### Provided records
========================
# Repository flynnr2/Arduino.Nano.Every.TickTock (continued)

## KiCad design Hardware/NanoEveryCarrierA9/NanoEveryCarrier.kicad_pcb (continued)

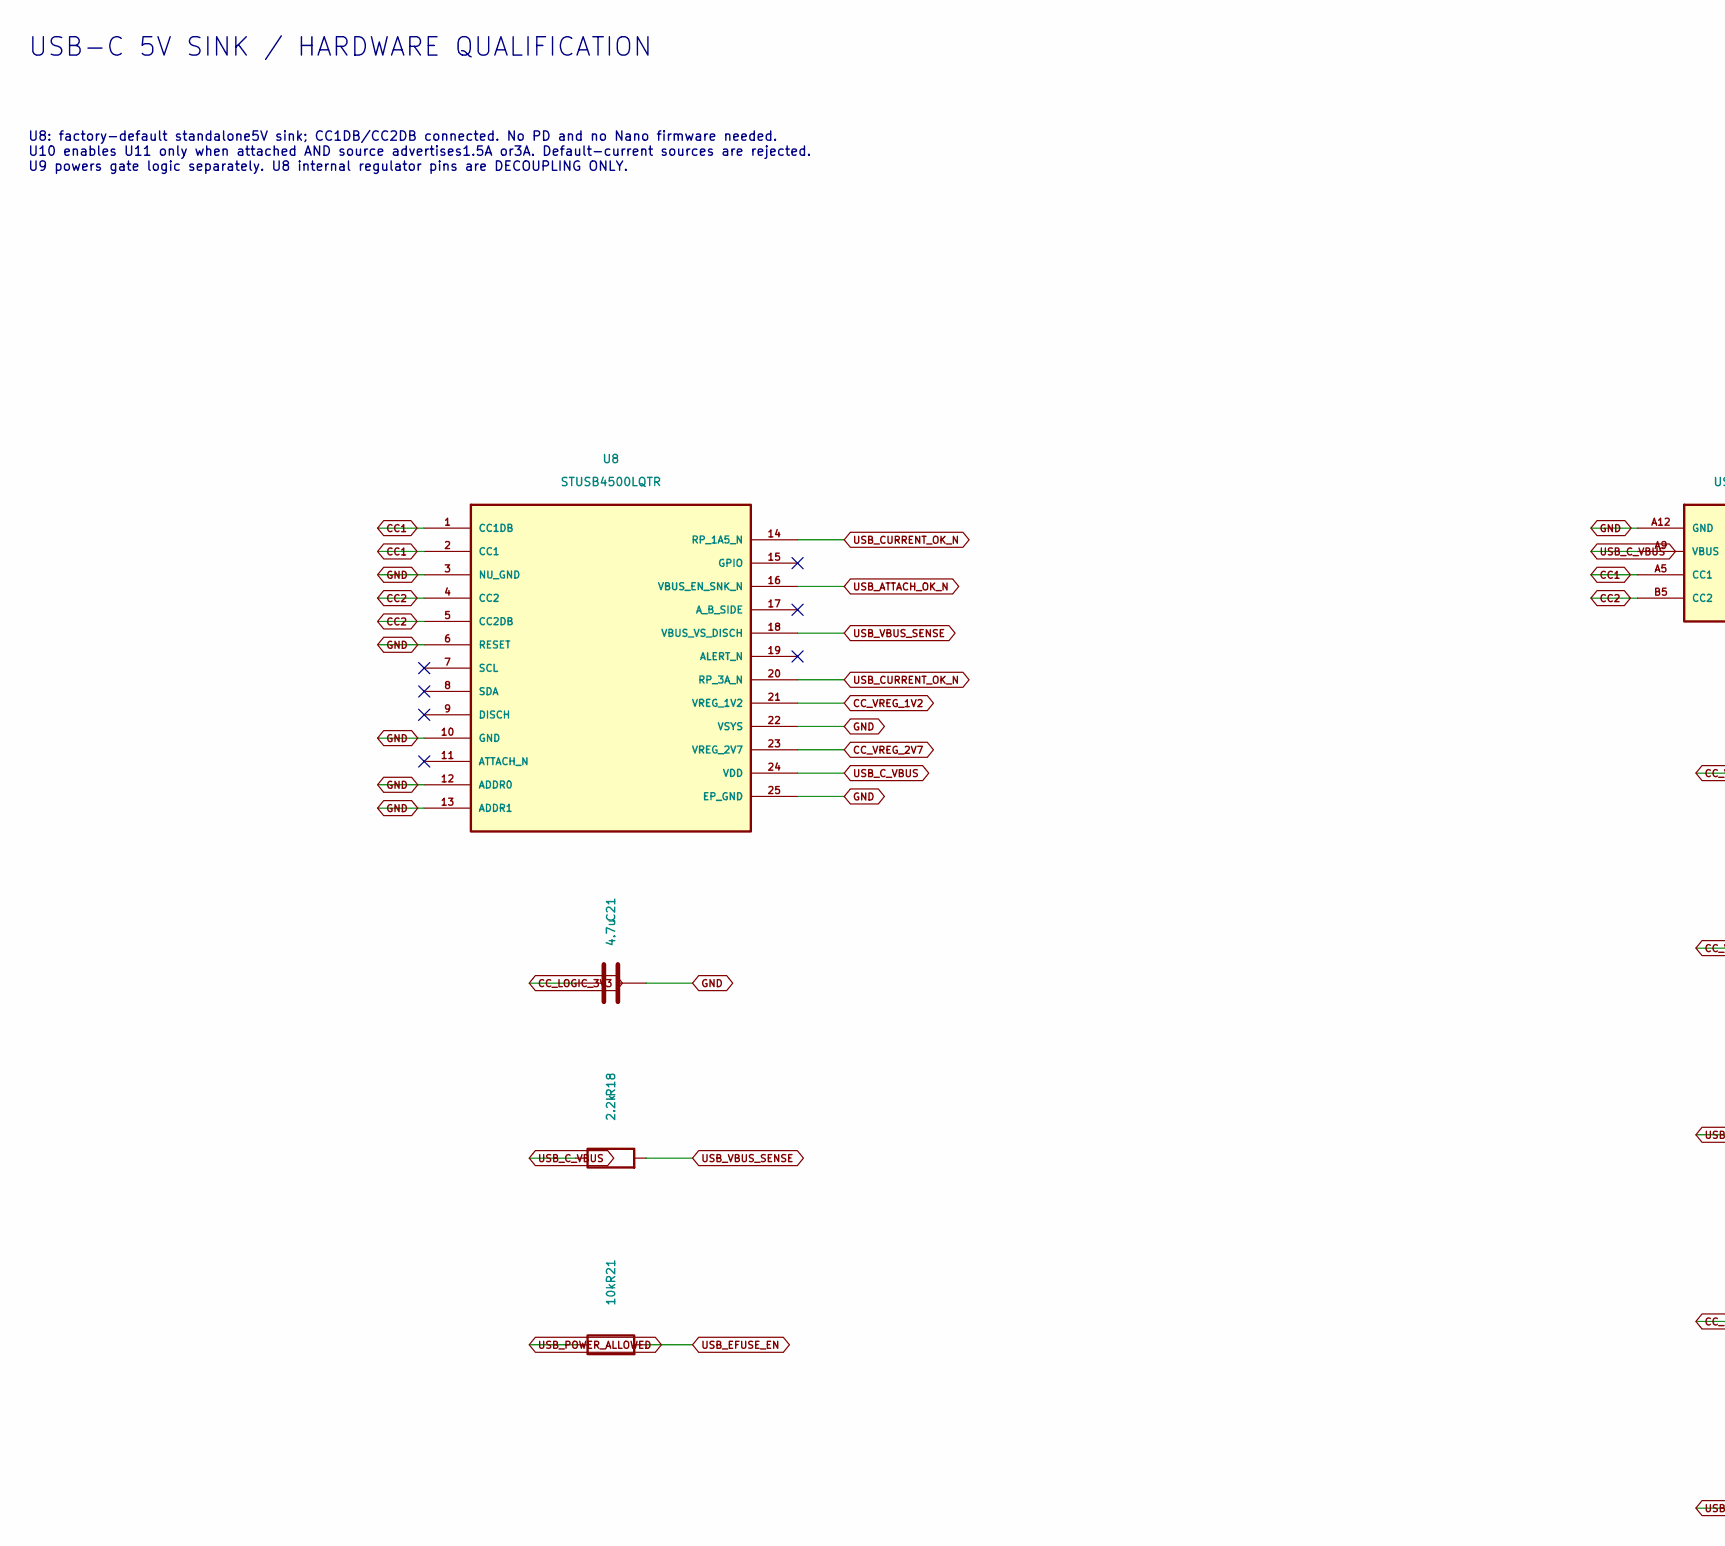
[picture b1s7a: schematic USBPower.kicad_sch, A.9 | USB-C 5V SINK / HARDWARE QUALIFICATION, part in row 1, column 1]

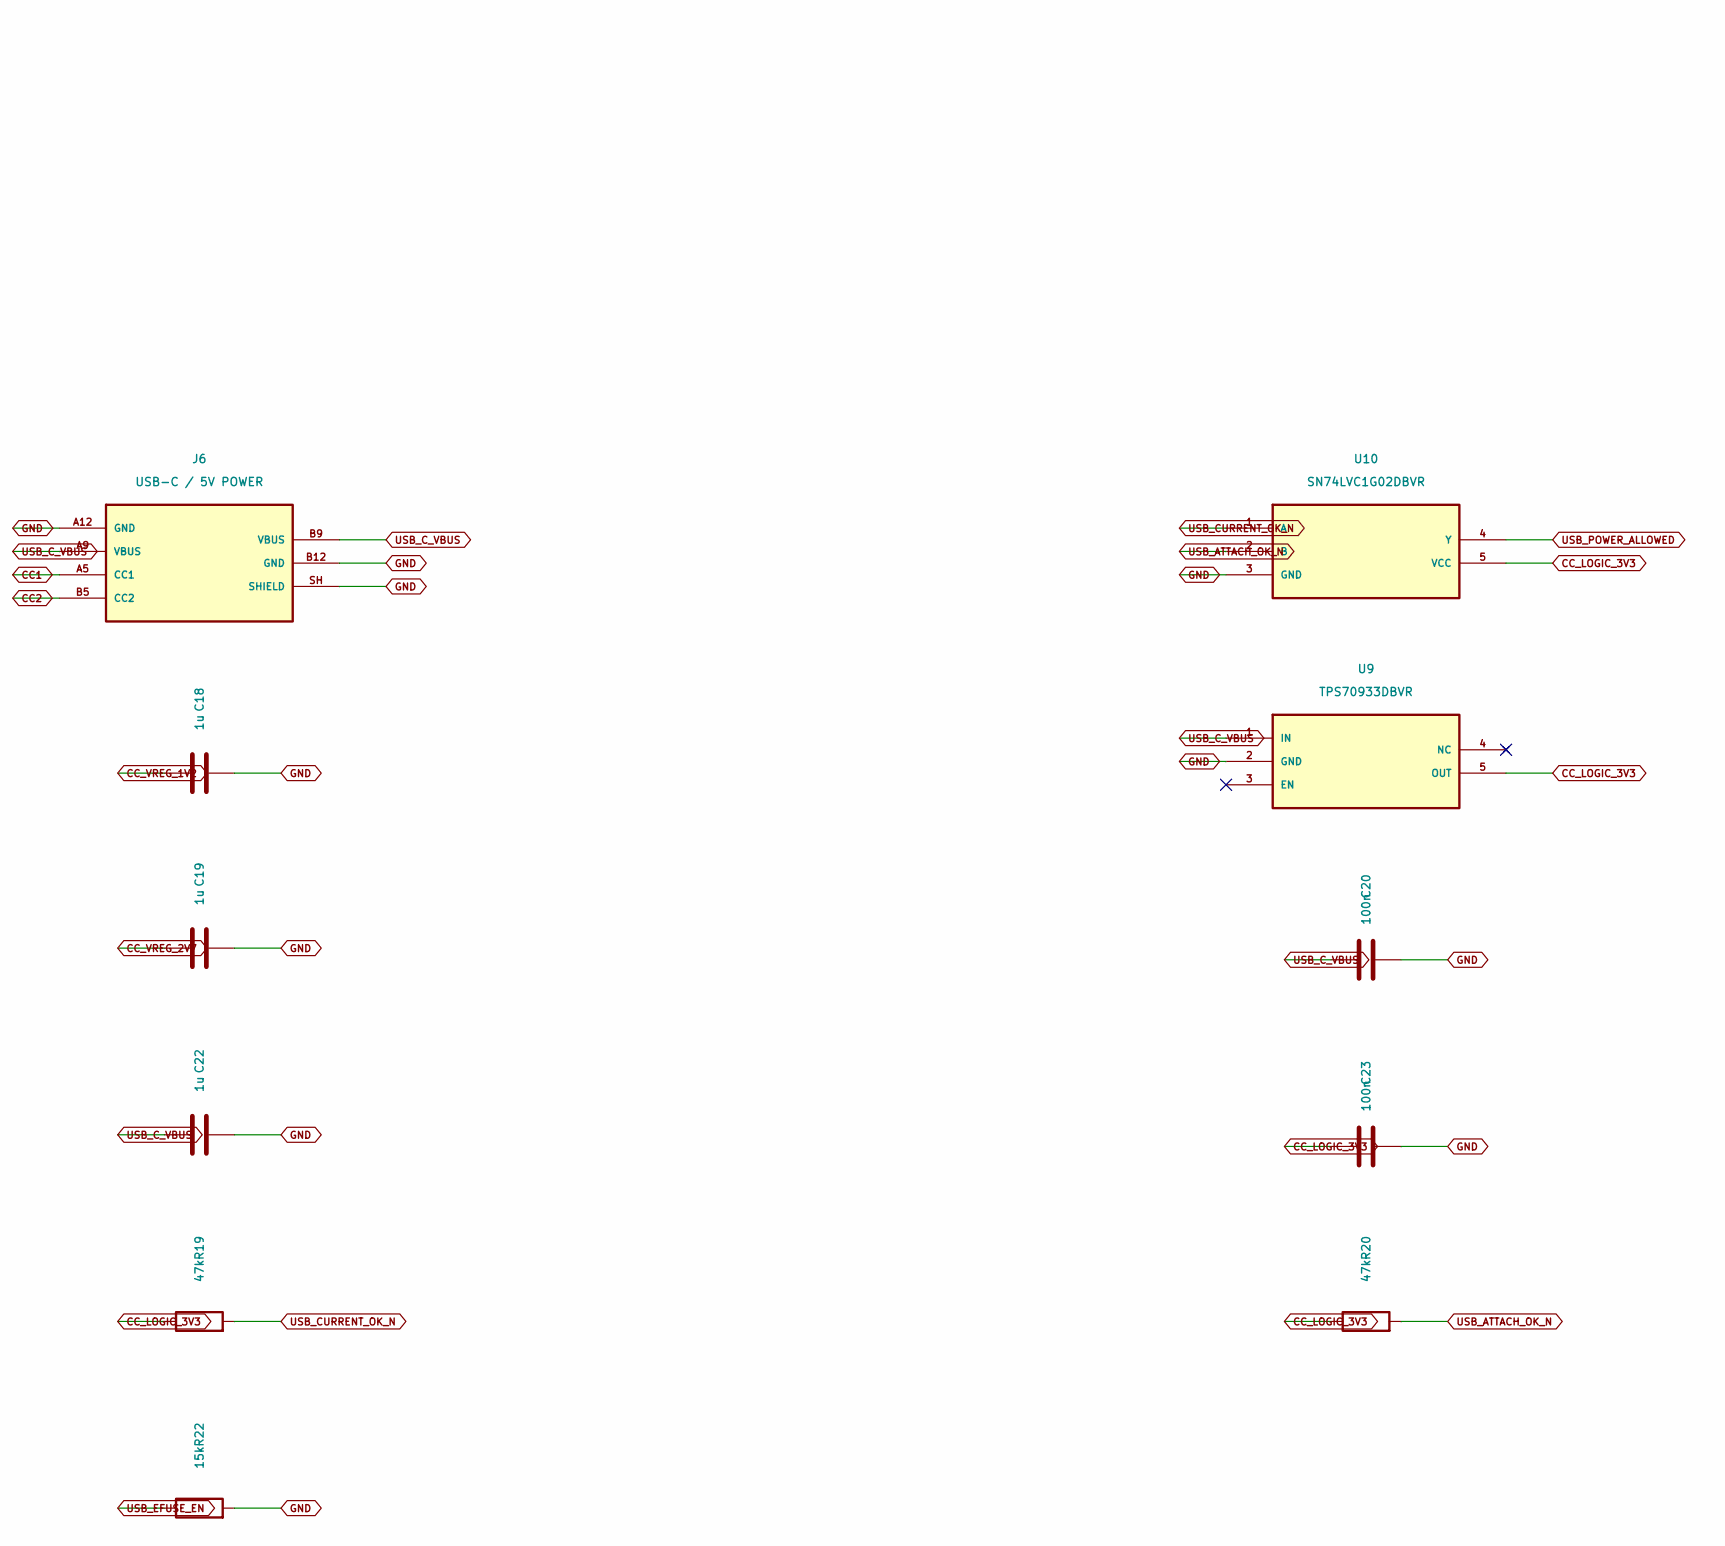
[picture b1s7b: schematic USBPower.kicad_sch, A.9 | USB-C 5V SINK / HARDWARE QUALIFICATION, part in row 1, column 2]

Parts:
C18, C19: 1u; C_0805_2012Metric; MPN GRM21BR71C105KA01L
C20, C23: 100n; C_0805_2012Metric; MPN GRM21BR71H104KA01L
C21: 4.7u; C_0805_2012Metric; MPN GRM21BR71C475KA73L
C22: 1u; C_0805_2012Metric; MPN GRM21BR71H105KA12L
J6: USB-C / 5V POWER; USB_C_Receptacle_GCT_USB4125-xx-x-0190_6P_TopMnt_Horizontal; MPN USB4125-GF-A-0190
R18: 2.2k; R_1206_3216Metric_Pad1.30x1.75mm_HandSolder; MPN RC1206FR-072K2L
R19, R20: 47k; R_0805_2012Metric; MPN RC0805FR-0747KL
R21: 10k; R_0805_2012Metric; MPN RC0805FR-0710KL
R22: 15k; R_0805_2012Metric; MPN RC0805FR-0715KL
U8: STUSB4500LQTR; QFN-24-1EP_4x4mm_P0.5mm_EP2.6x2.6mm; MPN STUSB4500LQTR
U9: TPS70933DBVR; SOT-23-5; MPN TPS70933DBVR
U10: SN74LVC1G02DBVR; SOT-23-5; MPN SN74LVC1G02DBVR

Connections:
CC1: J6.A5 (CC1), U8.1 (CC1DB), U8.2 (CC1)
CC2: J6.B5 (CC2), U8.4 (CC2), U8.5 (CC2DB)
CC_LOGIC_3V3: C21.1, C23.1, R19.1, R20.1, U9.5 (OUT), U10.5 (VCC)
CC_VREG_1V2: C18.1, U8.21 (VREG_1V2)
CC_VREG_2V7: C19.1, U8.23 (VREG_2V7)
GND: C18.2, C19.2, C20.2, C21.2, C22.2, C23.2, J6.A12 (GND), J6.B12 (GND), J6.SH (SHIELD), R22.2, U8.3 (NU_GND), U8.6 (RESET), U8.10 (GND), U8.12 (ADDR0), U8.13 (ADDR1), U8.22 (VSYS), U8.25 (EP_GND), U9.2 (GND), U10.3 (GND); also elsewhere on the board
USB_ATTACH_OK_N: R20.2, U8.16 (VBUS_EN_SNK_N), U10.2 (B)
USB_CURRENT_OK_N: R19.2, U8.14 (RP_1A5_N), U8.20 (RP_3A_N), U10.1 (A)
USB_C_VBUS: C20.1, C22.1, J6.A9 (VBUS), J6.B9 (VBUS), R18.1, U8.24 (VDD), U9.1 (IN); also elsewhere on the board
USB_EFUSE_EN: R21.2, R22.1; also elsewhere on the board
USB_POWER_ALLOWED: R21.1, U10.4 (Y)
USB_VBUS_SENSE: R18.2, U8.18 (VBUS_VS_DISCH)

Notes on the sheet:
USB-C 5V SINK / HARDWARE QUALIFICATION
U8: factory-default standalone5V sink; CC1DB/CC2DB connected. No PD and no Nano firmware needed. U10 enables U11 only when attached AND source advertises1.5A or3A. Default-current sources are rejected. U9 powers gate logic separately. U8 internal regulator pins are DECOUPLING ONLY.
========================
### To do
Report the tally of lines in the listing that carry the string "USBPower", and nothing else.

### Solution
2